The end result is that women lose out on pay, promotions, and other benefits that accrue through tenure in the labor force. When family caregiving responsibilities are coupled with the burden of being a major financial provider, women often lose out even more.
Today, 40 percent of married Latinas and more than 50 percent of married African American women bring in at least half of their families’ income. Reliance on a woman’s income among families of color has increased dramatically since 1975, when only 28.7 percent of African American women and 23.1 percent of Latinas were family breadwinners.
Women of color are particularly more likely than white women to experience the dual responsibilities of providing for a family. Even as they represent a larger share of their families’ income, women of color, particularly African American women and Latinas, are far more likely to be single mothers or single heads of household than their white counterparts.
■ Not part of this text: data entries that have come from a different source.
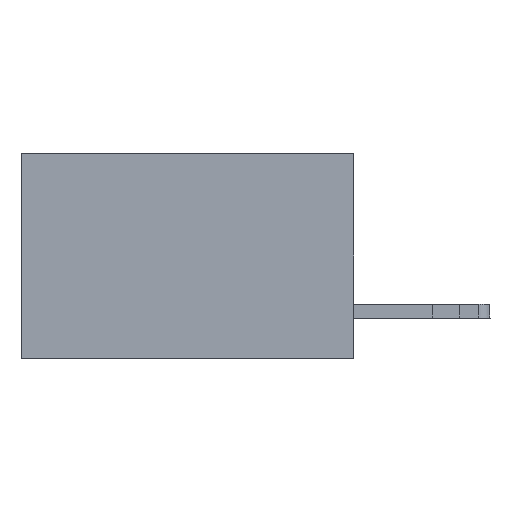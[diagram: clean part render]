
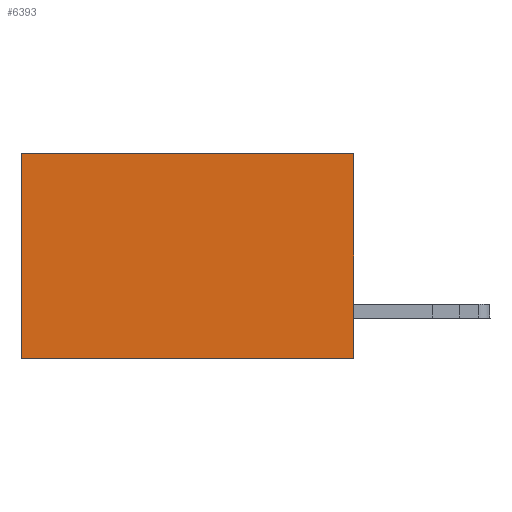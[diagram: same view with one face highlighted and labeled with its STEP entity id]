
A CAD part, left-side view. The second image highlights one B-rep face of the part: STEP entity #6393.
In plain terms, the highlighted planar face has unit normal (-1, 0, 0).
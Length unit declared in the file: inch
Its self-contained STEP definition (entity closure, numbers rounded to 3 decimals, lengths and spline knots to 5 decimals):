
#83 = EDGE_CURVE ( 'NONE', #13326, #22293, #22018, .T. ) ;
#575 = DIRECTION ( 'NONE',  ( 0., 1., 0. ) ) ;
#1184 = EDGE_LOOP ( 'NONE', ( #30021, #26634, #1742, #25322 ) ) ;
#1742 = ORIENTED_EDGE ( 'NONE', *, *, #24444, .F. ) ;
#3166 = CARTESIAN_POINT ( 'NONE',  ( 0.2875, 0., 0. ) ) ;
#3963 = FACE_OUTER_BOUND ( 'NONE', #1184, .T. ) ;
#4830 = CARTESIAN_POINT ( 'NONE',  ( 0.2875, 0., -0.37 ) ) ;
#5406 = LINE ( 'NONE', #8086, #29846 ) ;
#6393 = ADVANCED_FACE ( 'NONE', ( #3963 ), #7015, .F. ) ;
#6933 = CARTESIAN_POINT ( 'NONE',  ( 0.2875, 0.6, 0. ) ) ;
#7015 = PLANE ( 'NONE',  #9505 ) ;
#7102 = VERTEX_POINT ( 'NONE', #15314 ) ;
#8086 = CARTESIAN_POINT ( 'NONE',  ( 0.2875, 0., 0. ) ) ;
#8513 = CARTESIAN_POINT ( 'NONE',  ( 0.2875, 0., -0.37 ) ) ;
#8936 = DIRECTION ( 'NONE',  ( 0., 0., -1. ) ) ;
#9194 = CARTESIAN_POINT ( 'NONE',  ( 0.2875, 0.6, -0.37 ) ) ;
#9505 = AXIS2_PLACEMENT_3D ( 'NONE', #3166, #22644, #17825 ) ;
#11270 = VECTOR ( 'NONE', #16494, 39.37008 ) ;
#13151 = EDGE_CURVE ( 'NONE', #7102, #23659, #5406, .T. ) ;
#13326 = VERTEX_POINT ( 'NONE', #8513 ) ;
#14571 = DIRECTION ( 'NONE',  ( 0., 0., -1. ) ) ;
#15314 = CARTESIAN_POINT ( 'NONE',  ( 0.2875, 0., 0. ) ) ;
#16494 = DIRECTION ( 'NONE',  ( 0., 1., 0. ) ) ;
#17031 = CARTESIAN_POINT ( 'NONE',  ( 0.2875, 0.6, 0. ) ) ;
#17825 = DIRECTION ( 'NONE',  ( 0., 0., -1. ) ) ;
#18685 = LINE ( 'NONE', #23179, #22724 ) ;
#19542 = LINE ( 'NONE', #6933, #19979 ) ;
#19979 = VECTOR ( 'NONE', #14571, 39.37008 ) ;
#22018 = LINE ( 'NONE', #4830, #11270 ) ;
#22293 = VERTEX_POINT ( 'NONE', #9194 ) ;
#22644 = DIRECTION ( 'NONE',  ( 1., 0., 0. ) ) ;
#22724 = VECTOR ( 'NONE', #8936, 39.37008 ) ;
#23179 = CARTESIAN_POINT ( 'NONE',  ( 0.2875, 0., 0. ) ) ;
#23659 = VERTEX_POINT ( 'NONE', #17031 ) ;
#24444 = EDGE_CURVE ( 'NONE', #7102, #13326, #18685, .T. ) ;
#25322 = ORIENTED_EDGE ( 'NONE', *, *, #13151, .T. ) ;
#26634 = ORIENTED_EDGE ( 'NONE', *, *, #83, .F. ) ;
#29846 = VECTOR ( 'NONE', #575, 39.37008 ) ;
#30021 = ORIENTED_EDGE ( 'NONE', *, *, #30093, .T. ) ;
#30093 = EDGE_CURVE ( 'NONE', #23659, #22293, #19542, .T. ) ;
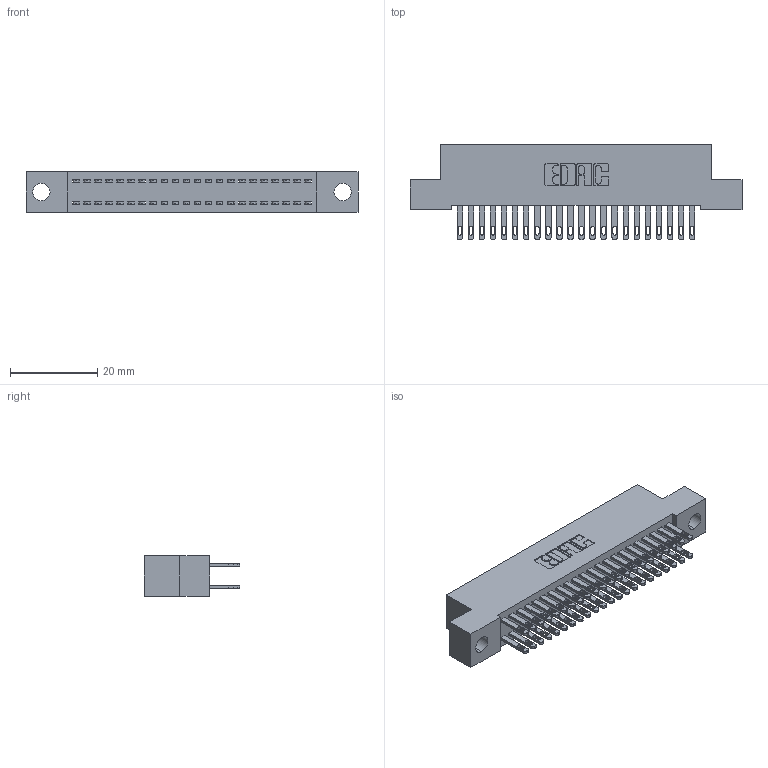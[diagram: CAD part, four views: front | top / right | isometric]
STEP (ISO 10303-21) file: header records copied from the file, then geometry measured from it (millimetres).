
FILE_DESCRIPTION (( 'STEP AP203' ), '1' );
FILE_NAME ('892-044-500-204.STEP', '2020-09-21T17:01:37', ( '' ), ( '' ), 'SwSTEP 2.0', 'SolidWorks 2020', '' );
FILE_SCHEMA (( 'CONFIG_CONTROL_DESIGN' ));
Length unit declared in the file: inch
Products named in the file (3): 892-044-500-204; 842 Part_.156 TH; 345-292-001_345-293-100
Assembly tree (45 placements, depth 2):
  892-044-500-204
    842 Part_.156 TH
    345-292-001_345-293-100  x44
Bounding box: 76.2 x 21.85 x 9.4 mm (x, y, z)
Volume: 6799.3 mm3; surface area: 10820.3 mm2
Topology: 45 solids, 45 shells, 2222 faces, 6767 edges, 4510 vertices
Faces by surface type: plane 1386, cylinder 836
Entity records: 16541 total; most frequent: CARTESIAN_POINT 2762, ORIENTED_EDGE 2698, DIRECTION 2397, EDGE_CURVE 1349, VECTOR 1217, LINE 1217, VERTEX_POINT 898, AXIS2_PLACEMENT_3D 590

In 2013, more than one-fifth — 21.6 percent—of African American families were led by a single mother. Single mothers also led 14.5 percent of Hispanic households compared with only 7.4 percent of white households and 5.9 percent of Asian American households.
Overall, while half of all white workers have access to some form of paid family and medical leave, only 40.2 percent of African American workers and 32.6 percent of Latino workers can say the same. Occupations such as food service and personal care, in which women of color are highly represented, are also much less likely to have access to paid sick days.
Unexplained causes of the wage gap
Despite all of these causes, researchers have found that a portion of the gender wage gap is due to other factors. These factors could include the conscious or unconscious gender discrimination that women encounter in their careers. Women of color, who might be subject to both gender and racial discrimination, could experience a double burden.
More robust workplace protections could alleviate the social and economic factors that drive the wage gap for women of color. Policies such as paid family and medical leave and paid sick days would help ensure that women of color are better able to balance work and family; they would also minimize the time women are required to spend outside the labor force caring for loved ones. More robust equal pay laws would help prevent racial and gender discrimination and ensure that women of color can take effective legal action to address discrimination.
However, public policy alone will not close the gender wage gap for women of color. The United States needs to address both the structural drivers behind the pay gap and the persistent cultural biases against women and people of color if it wants to truly affect change for these populations.
Milia Fisher is a Research Associate with the Women’s Initiative at the Center for American Progress.